• DATASET EXCERPTS:
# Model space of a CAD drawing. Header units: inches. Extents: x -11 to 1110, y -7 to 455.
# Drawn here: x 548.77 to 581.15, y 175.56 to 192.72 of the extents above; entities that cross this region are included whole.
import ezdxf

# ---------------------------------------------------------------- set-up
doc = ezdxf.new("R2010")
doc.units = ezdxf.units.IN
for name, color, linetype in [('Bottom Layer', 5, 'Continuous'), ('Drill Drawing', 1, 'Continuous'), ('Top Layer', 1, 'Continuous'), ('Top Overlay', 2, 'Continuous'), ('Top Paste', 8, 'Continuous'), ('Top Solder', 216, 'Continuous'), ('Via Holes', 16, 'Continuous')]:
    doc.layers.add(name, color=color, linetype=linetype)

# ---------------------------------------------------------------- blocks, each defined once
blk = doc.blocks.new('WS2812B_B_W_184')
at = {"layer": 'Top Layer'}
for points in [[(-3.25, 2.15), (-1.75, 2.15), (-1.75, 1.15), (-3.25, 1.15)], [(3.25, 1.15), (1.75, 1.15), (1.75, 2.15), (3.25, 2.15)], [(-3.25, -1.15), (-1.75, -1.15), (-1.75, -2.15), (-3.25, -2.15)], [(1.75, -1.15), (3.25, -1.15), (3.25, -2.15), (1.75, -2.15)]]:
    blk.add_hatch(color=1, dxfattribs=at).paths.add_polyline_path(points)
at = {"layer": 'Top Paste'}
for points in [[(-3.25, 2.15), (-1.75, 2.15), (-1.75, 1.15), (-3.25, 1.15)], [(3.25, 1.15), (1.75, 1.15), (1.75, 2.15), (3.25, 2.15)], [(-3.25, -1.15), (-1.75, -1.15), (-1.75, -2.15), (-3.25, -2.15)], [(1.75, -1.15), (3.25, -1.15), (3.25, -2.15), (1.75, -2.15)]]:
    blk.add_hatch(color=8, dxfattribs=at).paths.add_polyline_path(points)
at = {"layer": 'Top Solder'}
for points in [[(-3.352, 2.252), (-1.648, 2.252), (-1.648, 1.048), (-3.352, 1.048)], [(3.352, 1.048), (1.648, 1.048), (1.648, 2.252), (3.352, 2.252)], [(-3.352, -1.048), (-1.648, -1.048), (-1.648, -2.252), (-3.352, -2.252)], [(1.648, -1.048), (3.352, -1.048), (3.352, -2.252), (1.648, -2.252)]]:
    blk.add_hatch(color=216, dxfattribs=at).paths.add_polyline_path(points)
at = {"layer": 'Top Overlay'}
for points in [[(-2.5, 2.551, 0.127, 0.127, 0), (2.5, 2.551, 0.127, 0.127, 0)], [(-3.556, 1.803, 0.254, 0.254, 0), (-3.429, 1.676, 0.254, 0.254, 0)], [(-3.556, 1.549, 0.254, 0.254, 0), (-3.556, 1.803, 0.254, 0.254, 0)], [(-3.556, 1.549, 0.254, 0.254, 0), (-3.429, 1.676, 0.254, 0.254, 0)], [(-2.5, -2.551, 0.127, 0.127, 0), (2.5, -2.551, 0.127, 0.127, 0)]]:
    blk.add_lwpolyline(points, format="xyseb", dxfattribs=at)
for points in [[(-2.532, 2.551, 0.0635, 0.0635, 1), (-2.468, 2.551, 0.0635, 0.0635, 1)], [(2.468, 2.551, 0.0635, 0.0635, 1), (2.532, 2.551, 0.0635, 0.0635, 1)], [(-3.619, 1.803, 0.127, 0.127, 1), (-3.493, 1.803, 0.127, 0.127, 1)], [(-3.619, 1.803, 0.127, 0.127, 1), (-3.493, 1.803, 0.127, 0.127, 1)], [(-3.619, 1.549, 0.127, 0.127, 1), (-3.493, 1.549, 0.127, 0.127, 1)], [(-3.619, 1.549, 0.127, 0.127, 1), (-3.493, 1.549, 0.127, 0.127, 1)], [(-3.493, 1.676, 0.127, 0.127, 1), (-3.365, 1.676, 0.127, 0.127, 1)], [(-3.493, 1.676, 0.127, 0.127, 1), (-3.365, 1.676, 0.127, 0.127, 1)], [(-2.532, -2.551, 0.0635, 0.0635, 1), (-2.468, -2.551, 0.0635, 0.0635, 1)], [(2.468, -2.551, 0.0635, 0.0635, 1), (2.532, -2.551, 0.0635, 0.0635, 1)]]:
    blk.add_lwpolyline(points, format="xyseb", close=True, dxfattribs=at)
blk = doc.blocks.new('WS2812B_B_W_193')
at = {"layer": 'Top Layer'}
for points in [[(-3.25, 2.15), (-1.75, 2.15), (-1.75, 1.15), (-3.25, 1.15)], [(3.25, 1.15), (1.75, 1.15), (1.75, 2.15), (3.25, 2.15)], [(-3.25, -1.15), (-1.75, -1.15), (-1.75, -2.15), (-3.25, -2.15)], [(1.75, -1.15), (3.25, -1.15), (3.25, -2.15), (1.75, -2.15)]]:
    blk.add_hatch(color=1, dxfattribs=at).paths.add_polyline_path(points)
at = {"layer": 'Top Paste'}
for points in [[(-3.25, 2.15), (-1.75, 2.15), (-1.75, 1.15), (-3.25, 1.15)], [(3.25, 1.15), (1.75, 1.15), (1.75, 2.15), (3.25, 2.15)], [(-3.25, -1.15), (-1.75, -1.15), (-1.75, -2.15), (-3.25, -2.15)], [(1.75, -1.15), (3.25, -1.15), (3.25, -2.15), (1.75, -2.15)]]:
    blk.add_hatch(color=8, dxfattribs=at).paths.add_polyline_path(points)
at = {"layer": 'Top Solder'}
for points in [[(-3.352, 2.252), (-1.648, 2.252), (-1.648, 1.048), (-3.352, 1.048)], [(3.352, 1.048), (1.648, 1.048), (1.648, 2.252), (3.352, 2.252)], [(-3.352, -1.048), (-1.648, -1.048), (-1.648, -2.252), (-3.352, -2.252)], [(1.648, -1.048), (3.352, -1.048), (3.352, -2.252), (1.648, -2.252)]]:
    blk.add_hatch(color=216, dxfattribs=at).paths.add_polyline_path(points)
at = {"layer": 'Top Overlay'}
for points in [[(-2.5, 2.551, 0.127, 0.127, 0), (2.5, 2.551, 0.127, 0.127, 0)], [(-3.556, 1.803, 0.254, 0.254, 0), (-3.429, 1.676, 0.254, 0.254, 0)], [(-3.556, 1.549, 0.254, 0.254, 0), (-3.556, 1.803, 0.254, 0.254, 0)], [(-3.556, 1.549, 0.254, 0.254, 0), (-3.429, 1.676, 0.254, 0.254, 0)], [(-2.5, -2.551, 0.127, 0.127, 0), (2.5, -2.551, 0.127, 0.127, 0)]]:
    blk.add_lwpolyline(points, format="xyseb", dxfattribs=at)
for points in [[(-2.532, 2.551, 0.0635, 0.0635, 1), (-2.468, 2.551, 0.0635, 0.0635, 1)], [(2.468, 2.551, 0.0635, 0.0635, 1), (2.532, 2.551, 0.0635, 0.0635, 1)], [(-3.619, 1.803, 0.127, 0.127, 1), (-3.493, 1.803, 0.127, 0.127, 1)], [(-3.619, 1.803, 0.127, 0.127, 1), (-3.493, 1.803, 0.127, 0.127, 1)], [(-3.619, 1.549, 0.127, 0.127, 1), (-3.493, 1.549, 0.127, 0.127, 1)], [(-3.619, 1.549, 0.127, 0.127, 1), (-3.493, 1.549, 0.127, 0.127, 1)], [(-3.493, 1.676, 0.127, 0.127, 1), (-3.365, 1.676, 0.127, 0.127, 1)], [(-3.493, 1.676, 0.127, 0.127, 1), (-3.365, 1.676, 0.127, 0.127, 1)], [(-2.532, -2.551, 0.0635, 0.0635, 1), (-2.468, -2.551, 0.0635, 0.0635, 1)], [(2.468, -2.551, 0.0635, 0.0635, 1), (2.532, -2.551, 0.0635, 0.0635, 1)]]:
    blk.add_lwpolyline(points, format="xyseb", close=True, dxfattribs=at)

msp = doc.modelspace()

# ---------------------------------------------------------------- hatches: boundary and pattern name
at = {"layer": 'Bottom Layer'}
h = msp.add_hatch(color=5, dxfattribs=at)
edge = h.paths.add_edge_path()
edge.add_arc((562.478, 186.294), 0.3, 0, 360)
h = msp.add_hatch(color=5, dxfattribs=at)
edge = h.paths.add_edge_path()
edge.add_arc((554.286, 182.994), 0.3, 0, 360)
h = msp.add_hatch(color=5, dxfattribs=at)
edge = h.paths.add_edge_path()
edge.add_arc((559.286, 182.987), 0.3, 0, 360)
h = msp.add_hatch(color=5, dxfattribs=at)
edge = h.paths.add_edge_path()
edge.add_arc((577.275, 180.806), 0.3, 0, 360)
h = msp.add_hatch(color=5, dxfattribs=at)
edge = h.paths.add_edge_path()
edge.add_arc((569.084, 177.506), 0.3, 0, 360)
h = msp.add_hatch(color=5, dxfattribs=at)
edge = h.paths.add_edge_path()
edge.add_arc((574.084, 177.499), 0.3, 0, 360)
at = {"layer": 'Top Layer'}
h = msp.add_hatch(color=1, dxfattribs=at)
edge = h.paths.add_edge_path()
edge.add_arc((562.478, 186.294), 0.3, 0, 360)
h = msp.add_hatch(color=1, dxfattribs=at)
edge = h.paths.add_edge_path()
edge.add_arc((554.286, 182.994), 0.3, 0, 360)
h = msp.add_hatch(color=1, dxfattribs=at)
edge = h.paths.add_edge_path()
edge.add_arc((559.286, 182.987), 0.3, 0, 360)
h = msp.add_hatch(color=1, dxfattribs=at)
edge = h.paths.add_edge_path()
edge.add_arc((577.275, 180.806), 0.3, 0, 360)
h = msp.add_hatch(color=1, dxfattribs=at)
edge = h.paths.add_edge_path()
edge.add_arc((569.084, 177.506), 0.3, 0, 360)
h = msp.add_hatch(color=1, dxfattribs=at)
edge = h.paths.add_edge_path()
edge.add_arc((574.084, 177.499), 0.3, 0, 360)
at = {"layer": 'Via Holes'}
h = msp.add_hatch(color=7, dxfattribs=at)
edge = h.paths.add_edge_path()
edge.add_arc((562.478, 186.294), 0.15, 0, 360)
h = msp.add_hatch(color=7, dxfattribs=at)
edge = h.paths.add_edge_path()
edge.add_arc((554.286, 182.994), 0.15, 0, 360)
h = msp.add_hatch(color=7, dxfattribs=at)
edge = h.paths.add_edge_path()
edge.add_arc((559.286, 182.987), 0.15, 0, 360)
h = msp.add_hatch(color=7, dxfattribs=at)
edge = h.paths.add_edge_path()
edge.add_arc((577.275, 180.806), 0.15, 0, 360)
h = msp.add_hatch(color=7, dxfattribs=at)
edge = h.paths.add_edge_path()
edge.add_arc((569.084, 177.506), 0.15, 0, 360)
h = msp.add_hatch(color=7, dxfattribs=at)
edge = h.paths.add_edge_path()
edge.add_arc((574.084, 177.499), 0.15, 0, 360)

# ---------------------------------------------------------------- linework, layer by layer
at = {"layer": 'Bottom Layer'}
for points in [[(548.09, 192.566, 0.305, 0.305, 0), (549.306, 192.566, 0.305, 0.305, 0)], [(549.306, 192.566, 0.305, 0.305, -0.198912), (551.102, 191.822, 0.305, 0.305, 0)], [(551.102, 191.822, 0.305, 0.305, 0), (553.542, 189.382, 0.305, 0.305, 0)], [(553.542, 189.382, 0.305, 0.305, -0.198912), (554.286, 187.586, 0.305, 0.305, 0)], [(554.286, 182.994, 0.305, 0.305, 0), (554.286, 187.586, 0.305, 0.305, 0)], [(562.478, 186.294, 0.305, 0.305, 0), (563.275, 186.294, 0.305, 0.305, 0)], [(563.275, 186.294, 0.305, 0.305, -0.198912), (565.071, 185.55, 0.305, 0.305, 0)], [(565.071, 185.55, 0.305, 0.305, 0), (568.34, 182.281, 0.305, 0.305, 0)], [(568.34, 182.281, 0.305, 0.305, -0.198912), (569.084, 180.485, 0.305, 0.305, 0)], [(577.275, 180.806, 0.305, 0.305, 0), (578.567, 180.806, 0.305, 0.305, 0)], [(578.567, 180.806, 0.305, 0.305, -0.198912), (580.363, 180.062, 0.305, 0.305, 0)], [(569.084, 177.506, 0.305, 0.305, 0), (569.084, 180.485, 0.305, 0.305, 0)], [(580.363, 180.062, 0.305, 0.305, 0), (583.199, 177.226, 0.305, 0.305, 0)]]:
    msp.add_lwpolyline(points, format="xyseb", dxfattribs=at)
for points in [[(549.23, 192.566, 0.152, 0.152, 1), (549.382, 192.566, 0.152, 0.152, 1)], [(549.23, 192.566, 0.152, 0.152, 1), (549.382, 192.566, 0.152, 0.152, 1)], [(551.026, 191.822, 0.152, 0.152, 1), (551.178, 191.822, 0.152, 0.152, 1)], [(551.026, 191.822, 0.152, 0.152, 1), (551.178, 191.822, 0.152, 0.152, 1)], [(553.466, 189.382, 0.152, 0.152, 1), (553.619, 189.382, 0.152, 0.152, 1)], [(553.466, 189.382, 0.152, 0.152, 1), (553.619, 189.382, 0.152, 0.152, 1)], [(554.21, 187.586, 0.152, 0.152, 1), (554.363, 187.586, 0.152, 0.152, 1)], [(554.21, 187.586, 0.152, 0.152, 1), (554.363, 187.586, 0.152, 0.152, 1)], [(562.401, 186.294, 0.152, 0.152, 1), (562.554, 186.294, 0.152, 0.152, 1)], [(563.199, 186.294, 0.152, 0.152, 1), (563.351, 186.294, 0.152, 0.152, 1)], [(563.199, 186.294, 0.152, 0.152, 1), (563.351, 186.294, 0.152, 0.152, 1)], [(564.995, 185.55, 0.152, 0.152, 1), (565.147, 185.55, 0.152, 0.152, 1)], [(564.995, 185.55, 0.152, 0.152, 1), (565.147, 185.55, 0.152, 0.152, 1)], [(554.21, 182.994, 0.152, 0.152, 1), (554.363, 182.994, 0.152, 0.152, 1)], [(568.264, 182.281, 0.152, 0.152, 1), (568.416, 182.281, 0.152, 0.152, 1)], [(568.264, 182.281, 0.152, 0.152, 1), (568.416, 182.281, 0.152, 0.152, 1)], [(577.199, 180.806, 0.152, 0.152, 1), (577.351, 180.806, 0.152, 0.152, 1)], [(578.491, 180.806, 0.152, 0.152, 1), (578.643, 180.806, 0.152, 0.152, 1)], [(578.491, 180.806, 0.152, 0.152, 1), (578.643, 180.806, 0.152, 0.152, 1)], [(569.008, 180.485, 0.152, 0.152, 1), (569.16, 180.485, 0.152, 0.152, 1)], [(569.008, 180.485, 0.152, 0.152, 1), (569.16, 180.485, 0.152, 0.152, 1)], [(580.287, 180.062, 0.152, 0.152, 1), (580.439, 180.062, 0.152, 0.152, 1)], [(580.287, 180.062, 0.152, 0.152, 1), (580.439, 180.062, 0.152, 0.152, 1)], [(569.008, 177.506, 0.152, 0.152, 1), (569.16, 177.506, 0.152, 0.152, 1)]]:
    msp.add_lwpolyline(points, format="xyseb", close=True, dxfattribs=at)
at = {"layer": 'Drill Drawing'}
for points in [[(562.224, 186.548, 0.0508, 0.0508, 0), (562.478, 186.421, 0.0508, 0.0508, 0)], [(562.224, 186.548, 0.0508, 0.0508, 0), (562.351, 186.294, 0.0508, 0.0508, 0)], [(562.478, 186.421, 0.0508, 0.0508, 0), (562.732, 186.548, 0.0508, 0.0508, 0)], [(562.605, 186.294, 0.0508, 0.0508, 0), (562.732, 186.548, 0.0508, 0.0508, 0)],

• GOAL OF THE EXERCISE: Lines with "ezdxf" in them are what the answer must contain; copy each from the records above.

• REPLY:
import ezdxf
doc = ezdxf.new("R2010")
doc.units = ezdxf.units.IN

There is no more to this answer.